Which affects the quality and depth sleep:
ANXIETIES
There is evidence that one type of drug commonly used to treat depression can alter dreams. Selective serotonin reuptake inhibitors (SSRIs) affect dreams in several ways. An SSRI can reduce the recall of dreams or the ability to remember dreams. This type of drug can also make dreams worse. SSRIs can also cause more positive emotions in your dreams. On the other hand, discontinuation of SSRIs can lead to nightmares as well as worsen dreams.
DRUG and ALCOHOL
Drugs and alcohol can also affect dreams. Alcohol interferes with a normal, healthy sleep cycle and leads to sleep fragmentation. Many people say that alcohol helps them fall asleep, but ... Drinking alcohol in large amounts right before bedtime can affect and shorten REM sleep (this is where dreams come into play). Many people use alcohol as a sleeping aid. Tests
show, however, that alcohol interferes with sleep through many mechanisms, such as disturbance sleep architectures , triggering insomnia, and contributing to circadian rhythm disturbances and short sleep time (SSD). Alcohol also increases respiratory-related sleep events such as snoring and oxygen desaturation, especially in people with a history of these problems.
Marijuana also disrupts and reduces REM sleep. Research has shown that quitting marijuana and cocaine causes strange dreams.
COFFEE OR TEA WITH CAFFEINE
Coffee drunk on 6 hours or less before bedtime, it prevents you from falling into deep NREM sleep, and the REM phase (in which dreams occur) is disturbed, so you do not get enough rest during sleep.
Many people say that they have no problem falling asleep after drinking coffee, and that coffee is on them at all did not work. On the contrary, they fall asleep immediately after consuming the aromatic drink. However, research shows that drinking coffee 3 or 6 hours before going to sleep is as bad an idea as drinking a cup of caffeinated tea, e.g. black or green. A cup (200 ml) of black tea contains approx. 50-80 mg of pure caffeine, in the same amount of green tea it is from 30-50 mg. A 200 ml cup of coffee has an average of 80 to 140 mg of caffeine. The test subjects actually fell asleep without any problem. Interestingly, after waking up, they did not see any differences, but their sleep monitors showed that they lost 1 hour of sleep.
Not getting enough deep sleep makes us more tired. Being tired, we reach for caffeine to wake up, and the more we drink it, the bigger the sleep problem becomes.
To wake up refreshed in the morning, we need:
go through the sleep phases , i.e. fall asleep in the appropriate sequences in NREM (deep sleep) and REM (sleep in which dreams appear).
Sources:
1. https://www.healthline.com/health/dreamwork-101-your-wide-awake-guide-to-interpreting-dreams
2.https://www.psychologytoday.com/us/blog/sleep-newzzz/201502/why-do-we-dream
3. S. Stevenson, Sleep smarter. 21 essential strategies to sleep your way to a better body, better health, and bigger succes. 2016, Rodale, NY.

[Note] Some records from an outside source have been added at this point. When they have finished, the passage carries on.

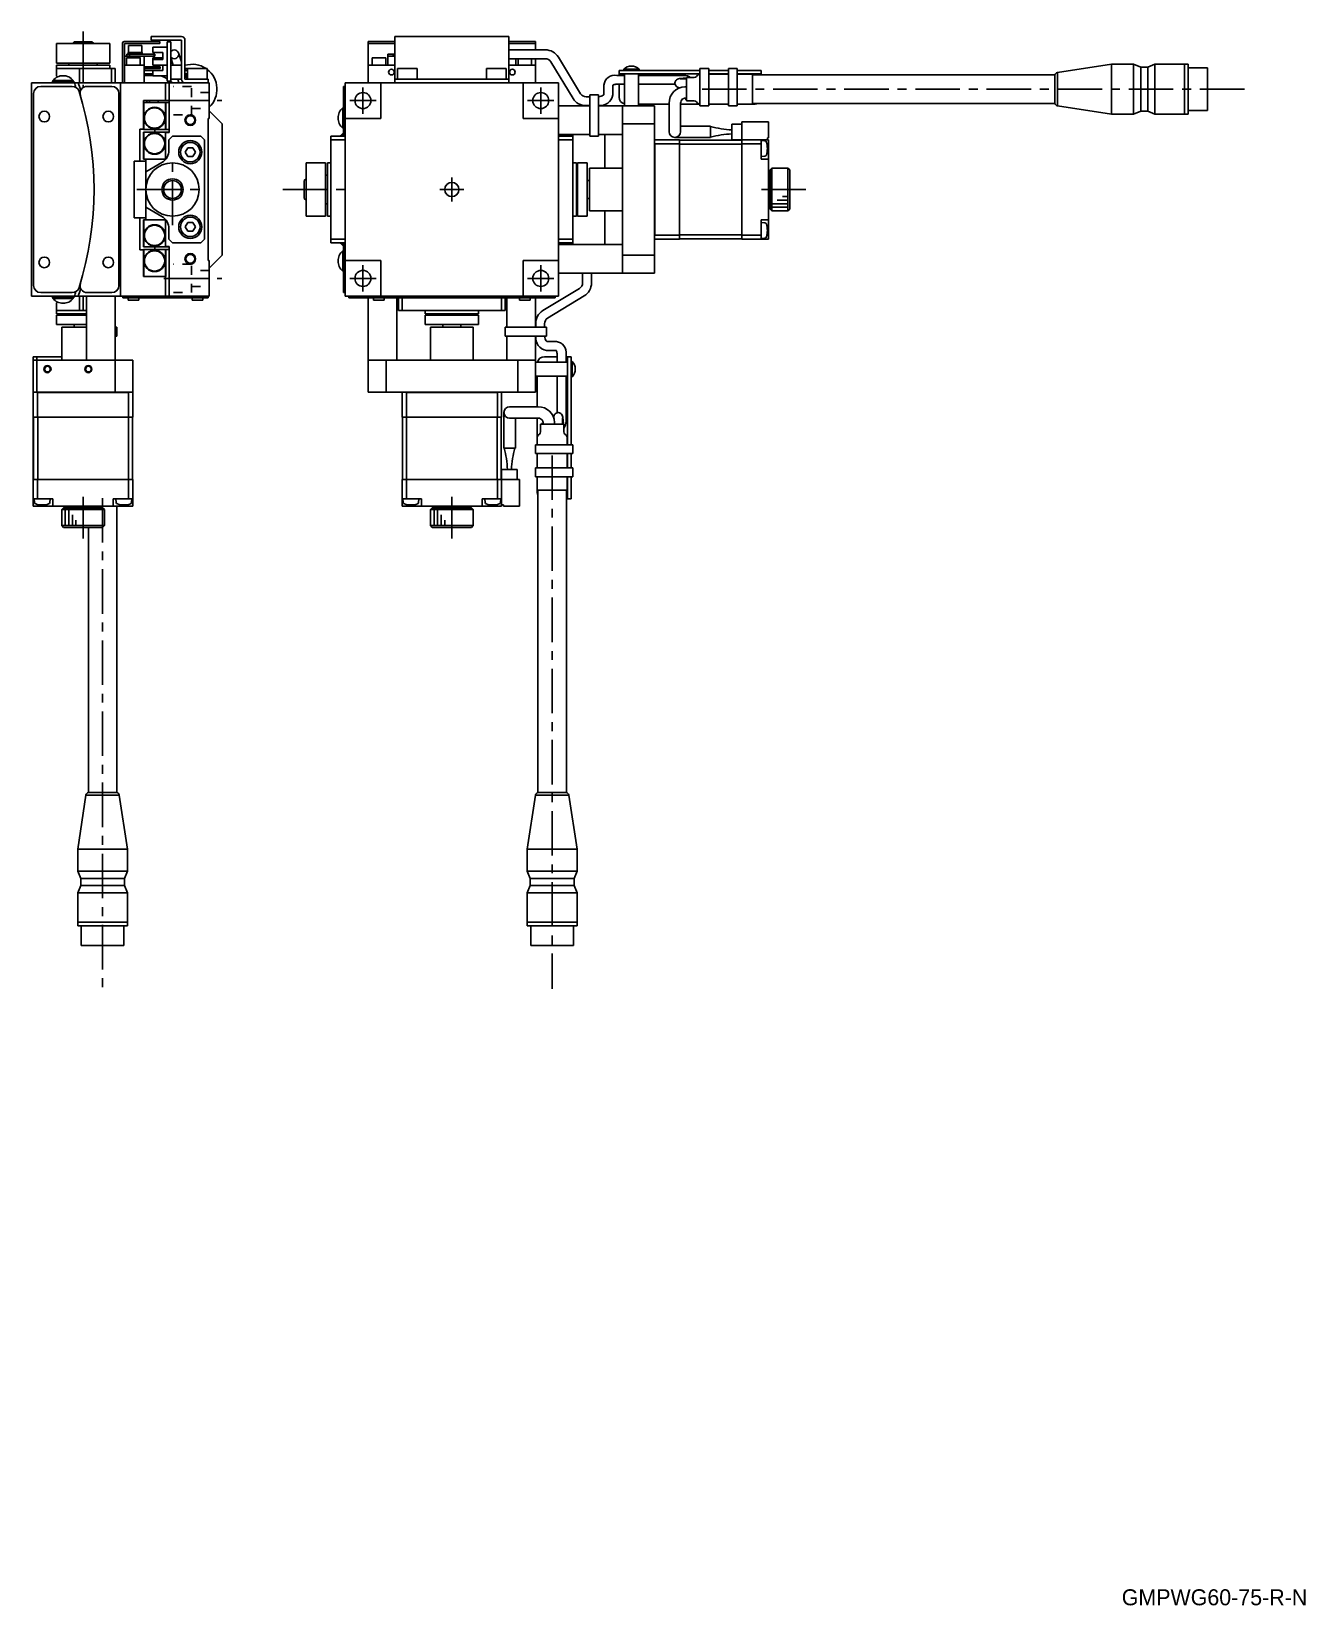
# Model space of a CAD drawing. Extents: x -285 to 424, y 17 to 528.
# Drawn here: x 65.5 to 423.7, y 16.9 to 459.5 of the extents above; entities that cross this region are included whole.
import ezdxf

# ---------------------------------------------------------------- set-up
doc = ezdxf.new("R2010")
doc.units = 0
doc.header["$LTSCALE"] = 10
doc.linetypes.add('CENTER', pattern=[2, 1.25, -0.25, 0.25, -0.25])
doc.linetypes.add('DOT', pattern=[0.5, 0.25, -0.25])
doc.layers.add('1', color=7, linetype='CONTINUOUS')
doc.styles.get("Standard").update_dxf_attribs({"font": 'FGP教科書体NT-M'})

msp = doc.modelspace()

# ---------------------------------------------------------------- linework, layer by layer
at = {"layer": '1', "color": 7, "linetype": 'CONTINUOUS'}
for p, q in [((72.473697, 456.035034), (87.473697, 456.035034)), ((72.473697, 456.035034), (72.473697, 450.535034)), ((77.473697, 456.535034), (76.973697, 456.035034)), ((77.473697, 456.535034), (82.473697, 456.535034)), ((82.973697, 456.035034), (82.473697, 456.535034)), ((87.473697, 450.535034), (87.473697, 456.035034)), ((91.023697, 456.135034), (91.023697, 445.035034)), ((91.523697, 456.635034), (101.523697, 456.635034)), ((91.623697, 456.035034), (101.523697, 456.035034)), ((91.623697, 456.035034), (91.623697, 445.035034)), ((99.123697, 458.035034), (107.623697, 458.035034)), ((99.123697, 457.035034), (99.123697, 458.035034)), ((107.623697, 457.035034), (99.123697, 457.035034)), ((101.523697, 456.035034), (101.523697, 456.635034)), ((103.623697, 456.535034), (103.623697, 445.535034)), ((104.623697, 456.535034), (103.623697, 456.535034)), ((104.623697, 456.535034), (104.623697, 445.402149)), ((107.623697, 457.035034), (107.623697, 446.035034)), ((108.623697, 446.035034), (108.623697, 457.035034)), ((160.171725, 456.635034), (160.171725, 445.035034)), ((160.171725, 456.635034), (167.671725, 456.635034)), ((160.171725, 456.035034), (167.671725, 456.035034)), ((167.671725, 445.035034), (167.671725, 458.035034)), ((167.671725, 458.035034), (199.671725, 458.035034)), ((199.671725, 458.035034), (199.671725, 445.035034)), ((199.671725, 456.635034), (207.171725, 456.635034)), ((199.671725, 456.035034), (207.171725, 456.035034)), ((207.171725, 456.635034), (207.171725, 454.285034)), ((91.623697, 452.535034), (100.127354, 452.535034)), ((92.223697, 452.035034), (92.223697, 450.035034)), ((92.223697, 452.035034), (96.023697, 452.035034)), ((92.275707, 453.035034), (92.275707, 452.535034)), ((92.275707, 453.035034), (100.127354, 453.035034)), ((96.623697, 453.535034), (92.623697, 453.535034)), ((92.623697, 453.535034), (92.623697, 453.035034)), ((92.723697, 455.535034), (96.523697, 455.535034)), ((92.723697, 455.535034), (92.723697, 453.535034)), ((93.008908, 453.035034), (93.008908, 452.535034)), ((95.977572, 452.535034), (95.977572, 452.035034)), ((96.023697, 450.035034), (96.023697, 452.035034)), ((96.523697, 453.535034), (96.523697, 455.535034)), ((96.623697, 453.035034), (96.623697, 453.535034)), ((97.123697, 452.535034), (97.123697, 445.035034)), ((99.623697, 455.035034), (99.623697, 453.535034)), ((103.623697, 455.035034), (99.623697, 455.035034)), ((99.623697, 453.535034), (102.423697, 453.535034)), ((102.423697, 452.035034), (99.623697, 452.035034)), ((99.623697, 452.035034), (99.623697, 450.035034)), ((102.423697, 451.535034), (99.623697, 451.535034)), ((99.970561, 453.035034), (99.970561, 452.535034)), ((100.127354, 453.035034), (100.127354, 452.535034)), ((102.423697, 453.535034), (102.423697, 451.535034)), ((104.623697, 452.067633), (105.284129, 450.035034)), ((107.623697, 450.924752), (106.812517, 453.421306)), ((161.271725, 452.035034), (161.271725, 450.035034)), ((161.271725, 452.035034), (165.071725, 452.035034)), ((165.071725, 450.035034), (165.071725, 452.035034)), ((165.643103, 453.035034), (165.643103, 452.535034)), ((165.643103, 453.035034), (167.671725, 453.035034)), ((165.643103, 452.535034), (167.671725, 452.535034)), ((165.671725, 452.535034), (165.671725, 450.035034)), ((167.134886, 453.035034), (167.134886, 452.535034)), ((167.552999, 453.035034), (167.552999, 452.535034)), ((209.939674, 454.285034), (199.671725, 454.285034)), ((199.671725, 451.785034), (209.939674, 451.785034)), ((201.671725, 451.785034), (201.671725, 450.035034)), ((202.271725, 451.785034), (202.271725, 450.035034)), ((206.071725, 450.035034), (206.071725, 451.785034)), ((207.171725, 451.785034), (207.171725, 445.035034)), ((219.874222, 441.932053), (213.606273, 452.257109)), ((72.473697, 450.535034), (87.473697, 450.535034)), ((72.473697, 450.035034), (87.473697, 450.035034)), ((72.473697, 450.035034), (72.473697, 447.035034)), ((72.473697, 449.035034), (88.973697, 449.035034)), ((72.473697, 447.035034), (72.813912, 446.69482)), ((75.973697, 450.535034), (75.973697, 450.035034)), ((78.973697, 445.035034), (78.973697, 449.035034)), ((79.973697, 449.035034), (79.973697, 445.035034)), ((83.973697, 450.035034), (83.973697, 450.535034)), ((87.473697, 449.035034), (87.473697, 450.035034)), ((87.973697, 445.035034), (87.973697, 449.035034)), ((88.973697, 449.035034), (88.973697, 445.035034)), ((91.623697, 450.035034), (97.123697, 450.035034)), ((91.673697, 450.035034), (91.673697, 445.035034)), ((97.123697, 449.535034), (101.623697, 449.535034)), ((97.123697, 449.035034), (101.623697, 449.035034)), ((97.123697, 448.827282), (97.273697, 448.827282)), ((102.423697, 448.535034), (97.123697, 448.535034)), ((97.123697, 447.535034), (99.623697, 447.535034)), ((99.623697, 447.124959), (97.123697, 447.124959)), ((97.273697, 448.535034), (97.273697, 448.827282)), ((99.623697, 450.035034), (103.623697, 450.035034)), ((99.623697, 449.535034), (99.623697, 449.035034)), ((99.623697, 448.535034), (99.623697, 447.035034)), ((99.623697, 447.035034), (103.623697, 447.035034)), ((101.623697, 449.035034), (101.623697, 449.535034)), ((102.423697, 450.035034), (102.423697, 448.535034)), ((107.623697, 450.035034), (104.623697, 450.035034)), ((114.873697, 449.035035), (108.623697, 449.035035)), ((108.623697, 448.827282), (108.773697, 448.827282)), ((109.373697, 448.535034), (108.623697, 448.535034)), ((109.212463, 446.035034), (108.623697, 447.847069)), ((108.725083, 447.535034), (109.373697, 447.535034)), ((108.773697, 448.535034), (108.773697, 448.827282)), ((109.373697, 449.035034), (109.373697, 446.035034)), ((114.873697, 446.035034), (114.873697, 449.035034)), ((160.171725, 450.035034), (167.671725, 450.035034)), ((168.421725, 449.035034), (168.421725, 446.035034)), ((168.421725, 449.035034), (173.921725, 449.035034)), ((173.921725, 446.035034), (173.921725, 449.035034)), ((193.421725, 449.035034), (193.421725, 446.035034)), ((193.421725, 449.035034), (198.921725, 449.035034)), ((198.921725, 446.035034), (198.921725, 449.035034)), ((207.171725, 450.035034), (199.671725, 450.035034)), ((211.469228, 450.95979), (217.737177, 440.634734)), ((232.171725, 447.124959), (230.021267, 447.124959)), ((230.671725, 447.124959), (230.671725, 448.535034)), ((253.421725, 448.535034), (230.671725, 448.535034)), ((253.421725, 447.535034), (230.671725, 447.535034)), ((232.021725, 448.827282), (232.021725, 448.535034)), ((232.021725, 448.827282), (236.321725, 448.827282)), ((232.171725, 447.535034), (232.171725, 438.535034)), ((236.171725, 438.535034), (236.171725, 447.535034)), ((248.922093, 447.124959), (236.171725, 447.124959)), ((236.321725, 448.535034), (236.321725, 448.827282)), ((252.778828, 447.142141), (252.464615, 446.827928)), ((255.921721, 449.035034), (253.421721, 449.035035)), ((253.421721, 438.535035), (253.421721, 449.035035)), ((255.921721, 438.535034), (255.921721, 449.035034)), ((261.421725, 447.535034), (255.921721, 447.535034)), ((261.421725, 447.435034), (255.921721, 447.435034)), ((261.421725, 448.535034), (255.921725, 448.535034)), ((263.921721, 449.035034), (261.421721, 449.035035)), ((261.421721, 438.535035), (261.421721, 449.035035)), ((263.921721, 438.535034), (263.921721, 449.035034)), ((270.671725, 447.535034), (263.921721, 447.535034)), ((268.171721, 447.435034), (263.921721, 447.435034)), ((263.921725, 448.535034), (270.671725, 448.535034)), ((268.171721, 439.035034), (268.171721, 447.435034)), ((353.214065, 447.235034), (268.171721, 447.235034)), ((270.671725, 447.235034), (270.671725, 448.535034)), ((353.214065, 439.235034), (353.214065, 447.235034)), ((369.171721, 450.235033), (353.937739, 447.91936)), ((353.937739, 438.550709), (353.937739, 447.91936)), ((369.171721, 436.235035), (369.171721, 450.235033)), ((375.36472, 450.235033), (369.171721, 450.235033)), ((375.36472, 436.235035), (375.36472, 450.235033)), ((377.36472, 449.385034), (375.36472, 450.235033)), ((377.36472, 437.085034), (377.36472, 449.385034)), ((379.36472, 449.385034), (377.36472, 449.385034)), ((381.36472, 450.235033), (379.36472, 449.385034)), ((379.36472, 437.085034), (379.36472, 449.385034)), ((381.36472, 436.235035), (381.36472, 450.235033)), ((389.62172, 450.235033), (381.36472, 450.235033)), ((389.62172, 436.235035), (389.62172, 450.235033)), ((389.67172, 450.185033), (389.62172, 450.235033)), ((389.67172, 436.235035), (389.67172, 450.235033)), ((390.671722, 450.235033), (389.67172, 450.235033)), ((390.671722, 436.235035), (390.671722, 450.235033)), ((396.171723, 449.235032), (390.671722, 449.235032)), ((396.171723, 437.235036), (396.171723, 449.235032)), ((115.473697, 445.035034), (65.473697, 445.035034)), ((65.473697, 445.035034), (65.473697, 385.035034)), ((76.952225, 444.035034), (68.073697, 444.035034)), ((71.363697, 445.535034), (77.363697, 445.535034)), ((71.363697, 445.535034), (71.363697, 445.035034)), ((71.513697, 445.694589), (77.213697, 445.694589)), ((71.513697, 445.694589), (71.513697, 445.535034)), ((77.213698, 445.535034), (77.213698, 445.694589)), ((77.363698, 445.035034), (77.363698, 445.535034)), ((88.073697, 444.035034), (81.13445, 444.035034)), ((90.473697, 445.035034), (90.473697, 385.035034)), ((103.194786, 440.035034), (103.194786, 445.035034)), ((103.623697, 446.346113), (103.227079, 446.359963)), ((104.623697, 445.535034), (103.623697, 445.535034)), ((104.229375, 445.035034), (104.229375, 431.035034)), ((104.614097, 445.409384), (104.445334, 445.535174)), ((105.110875, 445.035034), (104.614097, 445.409384)), ((104.623697, 446.035034), (107.623697, 446.035034)), ((106.583807, 446.035034), (106.908727, 445.035034)), ((108.623697, 446.035034), (115.123697, 446.035034)), ((109.373697, 446.145319), (109.174368, 446.15228)), ((115.123697, 446.035034), (115.123697, 445.035034)), ((115.473697, 435.035034), (115.473697, 445.035034)), ((153.671725, 444.035034), (153.171725, 444.035034)), ((153.171725, 430.035034), (153.171725, 444.035034)), ((153.671725, 385.035034), (153.671725, 445.035034)), ((153.671725, 445.035034), (213.671725, 445.035034)), ((163.671725, 435.035034), (163.671725, 445.035034)), ((167.671725, 446.035034), (199.671725, 446.035034)), ((203.671725, 445.035034), (203.671725, 435.035034)), ((213.671725, 445.035034), (213.671725, 385.035034)), ((226.421725, 444.411089), (226.421725, 441.692565)), ((228.921335, 444.348764), (229.028992, 444.422692)), ((228.921725, 441.662254), (228.921725, 444.411089)), ((229.028992, 444.422692), (229.129899, 444.471656)), ((230.021267, 444.624959), (232.171725, 444.624959)), ((230.671725, 441.035034), (230.671725, 444.624959)), ((236.171725, 444.624959), (246.432043, 444.624959)), ((249.671725, 446.390088), (247.646094, 446.195859)), ((249.644789, 446.107894), (247.873278, 446.149299)), ((249.671725, 443.883564), (249.190803, 443.883564)), ((249.671725, 446.107894), (249.644789, 446.107894)), ((249.671725, 439.935034), (249.671725, 446.535034)), ((251.757508, 446.535034), (249.671725, 446.535034)), ((66.073697, 442.035034), (66.073697, 388.035034)), ((90.073697, 388.035034), (90.073697, 442.035034)), ((96.973356, 432.035034), (96.973356, 440.035034)), ((96.973356, 440.035034), (104.229375, 440.035034)), ((96.986915, 439.53314), (97.023345, 439.485034)), ((96.986915, 431.935034), (96.986915, 439.53314)), ((96.987448, 439.535034), (104.229375, 439.535034)), ((97.023345, 439.485034), (97.023345, 431.935034)), ((103.144775, 439.485034), (97.023345, 439.485034)), ((97.861878, 440.035034), (97.881129, 439.535034)), ((98.611652, 439.535034), (98.628454, 440.035034)), ((101.123697, 439.535034), (101.123697, 440.035034)), ((103.144775, 439.485034), (103.207658, 439.533375)), ((103.144775, 431.935034), (103.144775, 439.485034)), ((103.207658, 439.533375), (103.207658, 431.935034)), ((153.671725, 438.135034), (153.171725, 438.135034)), ((222.421725, 438.535034), (213.671725, 438.535034)), ((222.421725, 441.106809), (221.403776, 441.106809)), ((221.403776, 438.606809), (222.421725, 438.606809)), ((224.921725, 441.606809), (222.421725, 441.606809)), ((222.421725, 441.606809), (222.421725, 430.035034)), ((224.921725, 441.606809), (224.921725, 430.035034)), ((240.671725, 438.535034), (224.921725, 438.535034)), ((226.359284, 441.616206), (226.256266, 441.528373)), ((226.427811, 441.703948), (226.359284, 441.616206)), ((231.671725, 391.535034), (231.671725, 438.535034)), ((244.771725, 439.035034), (236.171725, 439.035034)), ((240.671725, 438.535034), (240.671725, 391.535034)), ((244.771725, 439.283564), (244.771725, 431.283564)), ((247.971725, 431.283564), (247.971725, 439.283564)), ((253.421725, 439.035034), (247.971725, 439.035034)), ((248.559916, 440.479733), (248.668212, 440.547089)), ((248.668212, 440.547089), (248.785374, 440.603032)), ((248.785374, 440.603032), (248.911204, 440.645825)), ((248.911204, 440.645825), (249.044863, 440.673378)), ((249.044863, 440.673378), (249.18107, 440.683518)), ((249.18107, 440.683518), (249.190803, 440.683564)), ((249.190803, 440.683564), (249.671725, 440.683564)), ((249.471725, 440.683564), (249.471725, 440.235034)), ((249.671725, 440.235034), (249.471725, 440.235034)), ((249.671725, 439.935034), (251.757508, 439.935034)), ((252.464615, 439.642141), (252.778828, 439.327928)), ((253.421721, 438.535035), (255.921721, 438.535034)), ((255.921725, 439.035034), (261.421725, 439.035034)), ((261.421721, 438.535035), (263.921721, 438.535034)), ((263.921725, 439.035034), (268.671725, 439.035034)), ((268.171721, 439.235034), (353.214065, 439.235034)), ((353.937739, 438.550709), (369.171721, 436.235035)), ((90.173697, 435.035034), (90.473697, 435.035034)), ((90.173697, 395.035034), (90.173697, 435.035034)), ((115.173697, 435.035034), (115.473697, 435.035034)), ((115.173697, 395.035034), (115.173697, 435.035034)), ((119.123697, 433.535034), (115.473697, 437.185034)), ((153.01217, 437.985034), (153.01217, 432.285034)), ((153.171725, 437.985034), (153.01217, 437.985034)), ((153.671725, 435.035034), (163.671725, 435.035034)), ((203.671725, 435.035034), (213.671725, 435.035034)), ((265.171725, 434.035034), (272.671725, 434.035034)), ((265.171725, 434.035034), (265.171725, 401.035034)), ((272.671725, 434.035034), (272.671725, 429.535034)), ((369.171721, 436.235035), (375.36472, 436.235035)), ((375.36472, 436.235035), (377.36472, 437.085034)), ((377.36472, 437.085034), (379.36472, 437.085034)), ((379.36472, 437.085034), (381.36472, 436.235035)), ((381.36472, 436.235035), (389.62172, 436.235035)), ((389.62172, 436.235035), (389.67172, 436.285035)), ((389.67172, 436.235035), (390.671722, 436.235035)), ((390.671722, 437.235036), (396.171723, 437.235036)), ((95.933953, 423.035034), (95.933953, 432.035034)), ((95.933953, 432.035034), (96.986915, 432.035034)), ((96.986915, 431.935034), (104.229375, 431.935034)), ((96.986916, 423.536929), (96.986916, 431.135034)), ((104.229375, 431.135034), (96.986916, 431.135034)), ((97.023345, 431.135034), (97.023345, 423.585034)), ((99.035192, 431.935034), (99.339873, 432.228709)), ((99.339874, 430.84136), (99.035193, 431.135034)), ((100.123697, 431.135034), (100.123697, 431.935034)), ((100.832712, 432.230043), (101.138425, 431.935034)), ((101.138426, 431.135034), (100.832713, 430.840026)), ((103.144776, 423.585034), (103.144776, 431.135034)), ((103.194786, 431.035034), (103.194786, 423.535034)), ((104.229375, 431.035034), (103.194786, 431.035034)), ((103.207658, 431.135034), (103.207658, 431.035034)), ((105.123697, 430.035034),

International Museum of the Baroque
The Hill Interpretation Model aims to introduce cognitive behavioral changes into the dreamer's life - a kind of action plan (what and how to do), based on the information provided by the dream.
International Museum of the Baroque
According to Ullman, one of the goals of sleep is to access that part of our emotions and information that we may not perceive in our daily life. Dreams are designed to help you become real yourself in real life, to cope with restrictions imposed on us by themselves and others.